Fully neural display pipeline

Char → glyph MLP → color embedding → compositor ConvNet. Every output pixel is a neural forward pass, at 305 FPS as a Metal shader. (Paper §19)

❯ hero demo

A UNIX machine on your GPU.

From demos/HERO_GPU_DEMO_TRANSCRIPT.md — the single highest-signal walkthrough of what makes nCPU unique.

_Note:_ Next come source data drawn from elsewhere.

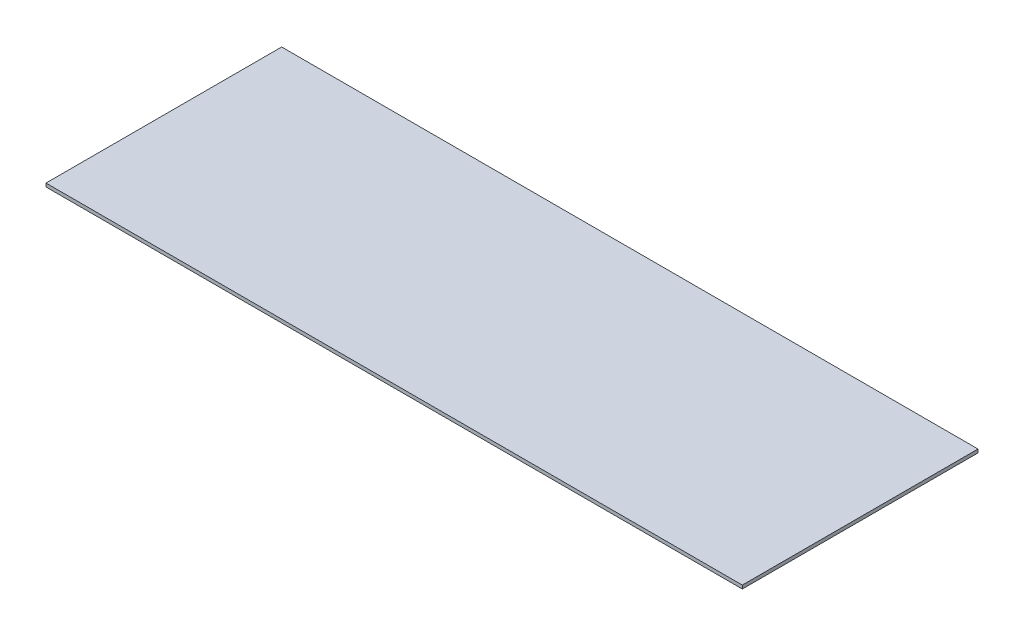
ISO-10303-21;
HEADER;
FILE_DESCRIPTION(('STEP AP214'),'2;1');
FILE_NAME('part.step','',(''),(''),'','','');
FILE_SCHEMA(('AUTOMOTIVE_DESIGN { 1 0 10303 214 1 1 1 1 }'));
ENDSEC;
DATA;
#1=APPLICATION_CONTEXT('core data for automotive mechanical design processes');
#2=APPLICATION_PROTOCOL_DEFINITION('international standard','automotive_design',2000,#1);
#3=PRODUCT_CONTEXT('',#1,'mechanical');
#4=PRODUCT('Part','Part','',(#3));
#5=PRODUCT_RELATED_PRODUCT_CATEGORY('part','',(#4));
#6=PRODUCT_DEFINITION_FORMATION('','',#4);
#7=PRODUCT_DEFINITION_CONTEXT('part definition',#1,'design');
#8=PRODUCT_DEFINITION('design','',#6,#7);
#9=PRODUCT_DEFINITION_SHAPE('','',#8);
#10=(LENGTH_UNIT() NAMED_UNIT(*) SI_UNIT(.MILLI.,.METRE.));
#11=(NAMED_UNIT(*) PLANE_ANGLE_UNIT() SI_UNIT($,.RADIAN.));
#12=(NAMED_UNIT(*) SI_UNIT($,.STERADIAN.) SOLID_ANGLE_UNIT());
#13=UNCERTAINTY_MEASURE_WITH_UNIT(LENGTH_MEASURE(1.E-05),#10,'distance_accuracy_value','');
#14=(GEOMETRIC_REPRESENTATION_CONTEXT(3) GLOBAL_UNCERTAINTY_ASSIGNED_CONTEXT((#13)) GLOBAL_UNIT_ASSIGNED_CONTEXT((#10,
#11,#12)) REPRESENTATION_CONTEXT('',''));
#15=CARTESIAN_POINT('',(0.,0.,0.));
#16=DIRECTION('',(0.,0.,1.));
#17=DIRECTION('',(1.,0.,0.));
#18=AXIS2_PLACEMENT_3D('',#15,#16,#17);
#19=CARTESIAN_POINT('',(-97.1266955266955,1.6,-1.041527392362));
#20=DIRECTION('',(1.,0.,0.));
#21=DIRECTION('',(0.,0.,-1.));
#22=AXIS2_PLACEMENT_3D('',#19,#20,#21);
#23=PLANE('',#22);
#24=DIRECTION('',(0.,0.,1.));
#25=VECTOR('',#24,1.);
#26=CARTESIAN_POINT('',(-97.1266955266955,0.,-1.041527392362));
#27=LINE('',#26,#25);
#28=CARTESIAN_POINT('',(-97.1266955266955,0.,-1.041527392362));
#29=VERTEX_POINT('',#28);
#30=CARTESIAN_POINT('',(-97.1266955266955,0.,108.958472607638));
#31=VERTEX_POINT('',#30);
#32=EDGE_CURVE('E94',#29,#31,#27,.T.);
#33=ORIENTED_EDGE('',*,*,#32,.T.);
#34=DIRECTION('',(0.,-1.,0.));
#35=VECTOR('',#34,1.);
#36=CARTESIAN_POINT('',(-97.1266955266955,1.6,108.958472607638));
#37=LINE('',#36,#35);
#38=CARTESIAN_POINT('',(-97.1266955266955,1.6,108.958472607638));
#39=VERTEX_POINT('',#38);
#40=EDGE_CURVE('E11',#39,#31,#37,.T.);
#41=ORIENTED_EDGE('',*,*,#40,.F.);
#42=DIRECTION('',(0.,0.,1.));
#43=VECTOR('',#42,1.);
#44=CARTESIAN_POINT('',(-97.1266955266955,1.6,-1.041527392362));
#45=LINE('',#44,#43);
#46=CARTESIAN_POINT('',(-97.1266955266955,1.6,-1.041527392362));
#47=VERTEX_POINT('',#46);
#48=EDGE_CURVE('E82',#47,#39,#45,.T.);
#49=ORIENTED_EDGE('',*,*,#48,.F.);
#50=DIRECTION('',(0.,-1.,0.));
#51=VECTOR('',#50,1.);
#52=CARTESIAN_POINT('',(-97.1266955266955,1.6,-1.041527392362));
#53=LINE('',#52,#51);
#54=EDGE_CURVE('E90',#47,#29,#53,.T.);
#55=ORIENTED_EDGE('',*,*,#54,.T.);
#56=EDGE_LOOP('',(#33,#41,#49,#55));
#57=FACE_BOUND('',#56,.T.);
#58=ADVANCED_FACE('F31',(#57),#23,.F.);
#59=CARTESIAN_POINT('',(-97.1266955266955,1.6,108.958472607638));
#60=DIRECTION('',(0.,0.,-1.));
#61=DIRECTION('',(-1.,0.,0.));
#62=AXIS2_PLACEMENT_3D('',#59,#60,#61);
#63=PLANE('',#62);
#64=DIRECTION('',(1.,0.,0.));
#65=VECTOR('',#64,1.);
#66=CARTESIAN_POINT('',(-97.1266955266955,0.,108.958472607638));
#67=LINE('',#66,#65);
#68=CARTESIAN_POINT('',(227.873304473304,0.,108.958472607638));
#69=VERTEX_POINT('',#68);
#70=EDGE_CURVE('E86',#31,#69,#67,.T.);
#71=ORIENTED_EDGE('',*,*,#70,.T.);
#72=DIRECTION('',(0.,-1.,0.));
#73=VECTOR('',#72,1.);
#74=CARTESIAN_POINT('',(227.873304473304,1.6,108.958472607638));
#75=LINE('',#74,#73);
#76=CARTESIAN_POINT('',(227.873304473304,1.6,108.958472607638));
#77=VERTEX_POINT('',#76);
#78=EDGE_CURVE('E39',#77,#69,#75,.T.);
#79=ORIENTED_EDGE('',*,*,#78,.F.);
#80=DIRECTION('',(1.,0.,0.));
#81=VECTOR('',#80,1.);
#82=CARTESIAN_POINT('',(-97.1266955266955,1.6,108.958472607638));
#83=LINE('',#82,#81);
#84=EDGE_CURVE('E77',#39,#77,#83,.T.);
#85=ORIENTED_EDGE('',*,*,#84,.F.);
#86=ORIENTED_EDGE('',*,*,#40,.T.);
#87=EDGE_LOOP('',(#71,#79,#85,#86));
#88=FACE_BOUND('',#87,.T.);
#89=ADVANCED_FACE('F85',(#88),#63,.F.);
#90=CARTESIAN_POINT('',(227.873304473304,1.6,-1.041527392362));
#91=DIRECTION('',(-1.,0.,0.));
#92=DIRECTION('',(0.,0.,1.));
#93=AXIS2_PLACEMENT_3D('',#90,#91,#92);
#94=PLANE('',#93);
#95=DIRECTION('',(0.,0.,-1.));
#96=VECTOR('',#95,1.);
#97=CARTESIAN_POINT('',(227.873304473304,0.,-1.041527392362));
#98=LINE('',#97,#96);
#99=CARTESIAN_POINT('',(227.873304473304,0.,-1.041527392362));
#100=VERTEX_POINT('',#99);
#101=EDGE_CURVE('E64',#69,#100,#98,.T.);
#102=ORIENTED_EDGE('',*,*,#101,.T.);
#103=DIRECTION('',(0.,-1.,0.));
#104=VECTOR('',#103,1.);
#105=CARTESIAN_POINT('',(227.873304473304,1.6,-1.041527392362));
#106=LINE('',#105,#104);
#107=CARTESIAN_POINT('',(227.873304473304,1.6,-1.041527392362));
#108=VERTEX_POINT('',#107);
#109=EDGE_CURVE('E87',#108,#100,#106,.T.);
#110=ORIENTED_EDGE('',*,*,#109,.F.);
#111=DIRECTION('',(0.,0.,-1.));
#112=VECTOR('',#111,1.);
#113=CARTESIAN_POINT('',(227.873304473304,1.6,-1.041527392362));
#114=LINE('',#113,#112);
#115=EDGE_CURVE('E80',#77,#108,#114,.T.);
#116=ORIENTED_EDGE('',*,*,#115,.F.);
#117=ORIENTED_EDGE('',*,*,#78,.T.);
#118=EDGE_LOOP('',(#102,#110,#116,#117));
#119=FACE_BOUND('',#118,.T.);
#120=ADVANCED_FACE('F88',(#119),#94,.F.);
#121=CARTESIAN_POINT('',(-97.1266955266955,1.6,-1.041527392362));
#122=DIRECTION('',(0.,0.,1.));
#123=DIRECTION('',(1.,0.,0.));
#124=AXIS2_PLACEMENT_3D('',#121,#122,#123);
#125=PLANE('',#124);
#126=DIRECTION('',(-1.,0.,0.));
#127=VECTOR('',#126,1.);
#128=CARTESIAN_POINT('',(-97.1266955266955,0.,-1.041527392362));
#129=LINE('',#128,#127);
#130=EDGE_CURVE('E70',#100,#29,#129,.T.);
#131=ORIENTED_EDGE('',*,*,#130,.T.);
#132=ORIENTED_EDGE('',*,*,#54,.F.);
#133=DIRECTION('',(-1.,0.,0.));
#134=VECTOR('',#133,1.);
#135=CARTESIAN_POINT('',(-97.1266955266955,1.6,-1.041527392362));
#136=LINE('',#135,#134);
#137=EDGE_CURVE('E47',#108,#47,#136,.T.);
#138=ORIENTED_EDGE('',*,*,#137,.F.);
#139=ORIENTED_EDGE('',*,*,#109,.T.);
#140=EDGE_LOOP('',(#131,#132,#138,#139));
#141=FACE_BOUND('',#140,.T.);
#142=ADVANCED_FACE('F101',(#141),#125,.F.);
#143=CARTESIAN_POINT('',(-97.1266955266955,1.6,108.958472607638));
#144=DIRECTION('',(0.,1.,0.));
#145=DIRECTION('',(0.,0.,1.));
#146=AXIS2_PLACEMENT_3D('',#143,#144,#145);
#147=PLANE('',#146);
#148=ORIENTED_EDGE('',*,*,#48,.T.);
#149=ORIENTED_EDGE('',*,*,#84,.T.);
#150=ORIENTED_EDGE('',*,*,#115,.T.);
#151=ORIENTED_EDGE('',*,*,#137,.T.);
#152=EDGE_LOOP('',(#148,#149,#150,#151));
#153=FACE_BOUND('',#152,.T.);
#154=ADVANCED_FACE('F78',(#153),#147,.T.);
#155=CARTESIAN_POINT('',(-97.1266955266955,0.,108.958472607638));
#156=DIRECTION('',(0.,1.,0.));
#157=DIRECTION('',(0.,0.,1.));
#158=AXIS2_PLACEMENT_3D('',#155,#156,#157);
#159=PLANE('',#158);
#160=ORIENTED_EDGE('',*,*,#32,.F.);
#161=ORIENTED_EDGE('',*,*,#130,.F.);
#162=ORIENTED_EDGE('',*,*,#101,.F.);
#163=ORIENTED_EDGE('',*,*,#70,.F.);
#164=EDGE_LOOP('',(#160,#161,#162,#163));
#165=FACE_BOUND('',#164,.T.);
#166=ADVANCED_FACE('F104',(#165),#159,.F.);
#167=CLOSED_SHELL('',(#58,#89,#120,#142,#154,#166));
#168=MANIFOLD_SOLID_BREP('B2',#167);
#169=ADVANCED_BREP_SHAPE_REPRESENTATION('',(#18,#168),#14);
#170=SHAPE_DEFINITION_REPRESENTATION(#9,#169);
ENDSEC;
END-ISO-10303-21;

Every command below is real and runs today on Apple Silicon.

● ncpu — the GPU is the computer

❯ python -m ncpu gpu
# A real UNIX shell prompt running entirely on the Apple Silicon GPU
# via Metal compute shaders — ~1.9M instructions/sec for real C workloads.
# Run ls, cat, cc, compile programs, fork processes, use pipes.
# This is not "a program running on GPU". This is the operating system
# + hardware of a computer, implemented on the GPU.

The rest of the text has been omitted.